(Exercise brief) Please set down the lines of the listing exactly, from its first line to the line with "Circle(IZIM3_R)", leaving the pictures out.

(Supplied material)
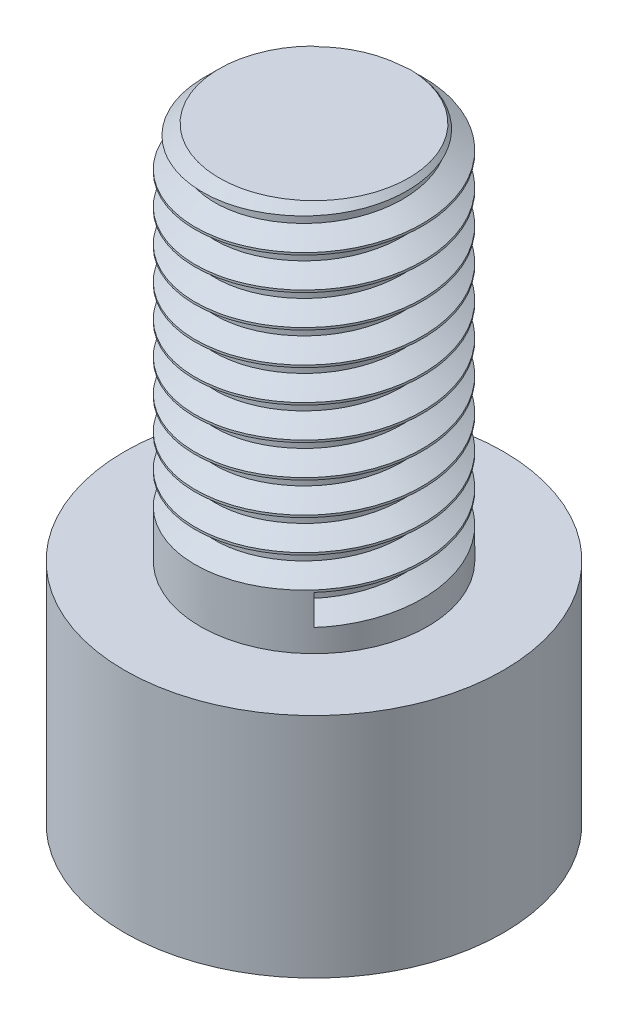
from build123d import *

# Parameters (mm, degrees)
IZIM1_R                     = 2.5
Y_KSEKLIK_EKSTR_ZYON2_DEPTH = 3
IZIM3_R                     = 1.5
Y_KSEKLIK_EKSTR_ZYON3_DEPTH = 5
PAH1_SIZE                   = 0.25
KES_S_P_R3_PITCH            = 0.428571429


with BuildPart() as part:
    # Çizim1 → Yükseklik-Ekstrüzyon2 (new body)
    with BuildSketch(Plane(origin=(0, 0, 0), x_dir=(1, 0, 0), z_dir=(0, 1, 0))):
        with Locations(Location((0, 0, 0), (0, 0, 270))):
            Circle(IZIM1_R)
    extrude(amount=Y_KSEKLIK_EKSTR_ZYON2_DEPTH)

    # Çizim3 → Yükseklik-Ekstrüzyon3 (add)
    with BuildSketch(Plane(origin=(0, 3, 0), x_dir=(1, 0, 0), z_dir=(0, 1, 0))):
        with Locations(Location((0, 0, 0), (0, 0, 270))):
            Circle(IZIM3_R)
    extrude(amount=Y_KSEKLIK_EKSTR_ZYON3_DEPTH)

    # Pah1
    pah1_edges = [part.edges().sort_by_distance(p)[0] for p in [
        (0, 8, -1.5),
    ]]
    chamfer(pah1_edges, length=PAH1_SIZE)

    # Kes-Süpür3: the profile of Çizim6 profile screwed along a right-hand helix of 10.5 turns, 6 arcs to a turn; built about Z, then put on its axis
    kes_s_p_r3_z = Axis((0, 0, 0), (0, 0, 1))
    kes_s_p_r3_corners = [(1.5003, 0, -0.200173205), (1.5003, 0, 0.200173205), (1.240192379, 0, 0.05), (1.240192379, 0, -0.05)]
    with BuildLine(mode=Mode.PRIVATE) as kes_s_p_r3_profile:
        Line(kes_s_p_r3_corners[0], kes_s_p_r3_corners[1])
        Line(kes_s_p_r3_corners[1], kes_s_p_r3_corners[2])
        Line(kes_s_p_r3_corners[2], kes_s_p_r3_corners[3])
        Line(kes_s_p_r3_corners[3], kes_s_p_r3_corners[0])
    kes_s_p_r3_cap = Face(kes_s_p_r3_profile.wire())
    kes_s_p_r3_turn_angles = [0, 30, 60, 90, 120, 150, 180, 210, 240, 270, 300, 330, 360]
    kes_s_p_r3_turn_weights = [1, 0.8660254037844387, 1, 0.8660254037844387, 1, 0.8660254037844387, 1, 0.8660254037844387, 1, 0.8660254037844387, 1, 0.8660254037844387, 1]
    kes_s_p_r3_turn_rails = [Edge.make_bspline([Vector(p[0], p[1], 0).rotate(kes_s_p_r3_z, kes_s_p_r3_turn_angles[k]) / kes_s_p_r3_turn_weights[k] + Vector(0, 0, p[2] + KES_S_P_R3_PITCH * kes_s_p_r3_turn_angles[k] / 360) for k in range(13)], [0, 0, 0, 1, 1, 2, 2, 3, 3, 4, 4, 5, 5, 6, 6, 6], 2, kes_s_p_r3_turn_weights) for p in kes_s_p_r3_corners]
    kes_s_p_r3_turn_sides = [Face.make_surface_from_curves(kes_s_p_r3_turn_rails[p[0]], kes_s_p_r3_turn_rails[p[1]]) for p in [(0, 1), (1, 2), (2, 3), (3, 0)]]
    kes_s_p_r3_last_angles = [3600, 3630, 3660, 3690, 3720, 3750, 3780]
    kes_s_p_r3_last_weights = [1, 0.8660254037844387, 1, 0.8660254037844387, 1, 0.8660254037844546, 1]
    kes_s_p_r3_last_rails = [Edge.make_bspline([Vector(p[0], p[1], 0).rotate(kes_s_p_r3_z, kes_s_p_r3_last_angles[k]) / kes_s_p_r3_last_weights[k] + Vector(0, 0, p[2] + KES_S_P_R3_PITCH * kes_s_p_r3_last_angles[k] / 360) for k in range(7)], [0, 0, 0, 1, 1, 2, 2, 3, 3, 3], 2, kes_s_p_r3_last_weights) for p in kes_s_p_r3_corners]
    kes_s_p_r3_last_sides = [Face.make_surface_from_curves(kes_s_p_r3_last_rails[p[0]], kes_s_p_r3_last_rails[p[1]]) for p in [(0, 1), (1, 2), (2, 3), (3, 0)]]
    kes_s_p_r3 = Plane(origin=(0, 8, 0), x_dir=(-0.7071067811865538, 0, -0.7071067811865414), z_dir=(0, -1, 0)) * Solid(Shell([*[p.moved(Location((0, 0, KES_S_P_R3_PITCH * i))) for i in range(10) for p in kes_s_p_r3_turn_sides], *kes_s_p_r3_last_sides, kes_s_p_r3_cap, kes_s_p_r3_cap.rotate(kes_s_p_r3_z, 3780).moved(Location((0, 0, KES_S_P_R3_PITCH * 3780 / 360)))]))
    add(kes_s_p_r3, mode=Mode.SUBTRACT)


solid = part.part

(Answer box)
from build123d import *

# Parameters (mm, degrees)
IZIM1_R                     = 2.5
Y_KSEKLIK_EKSTR_ZYON2_DEPTH = 3
IZIM3_R                     = 1.5
Y_KSEKLIK_EKSTR_ZYON3_DEPTH = 5
PAH1_SIZE                   = 0.25
KES_S_P_R3_PITCH            = 0.428571429


with BuildPart() as part:
    # Çizim1 → Yükseklik-Ekstrüzyon2 (new body)
    with BuildSketch(Plane(origin=(0, 0, 0), x_dir=(1, 0, 0), z_dir=(0, 1, 0))):
        with Locations(Location((0, 0, 0), (0, 0, 270))):
            Circle(IZIM1_R)
    extrude(amount=Y_KSEKLIK_EKSTR_ZYON2_DEPTH)

    # Çizim3 → Yükseklik-Ekstrüzyon3 (add)
    with BuildSketch(Plane(origin=(0, 3, 0), x_dir=(1, 0, 0), z_dir=(0, 1, 0))):
        with Locations(Location((0, 0, 0), (0, 0, 270))):
            Circle(IZIM3_R)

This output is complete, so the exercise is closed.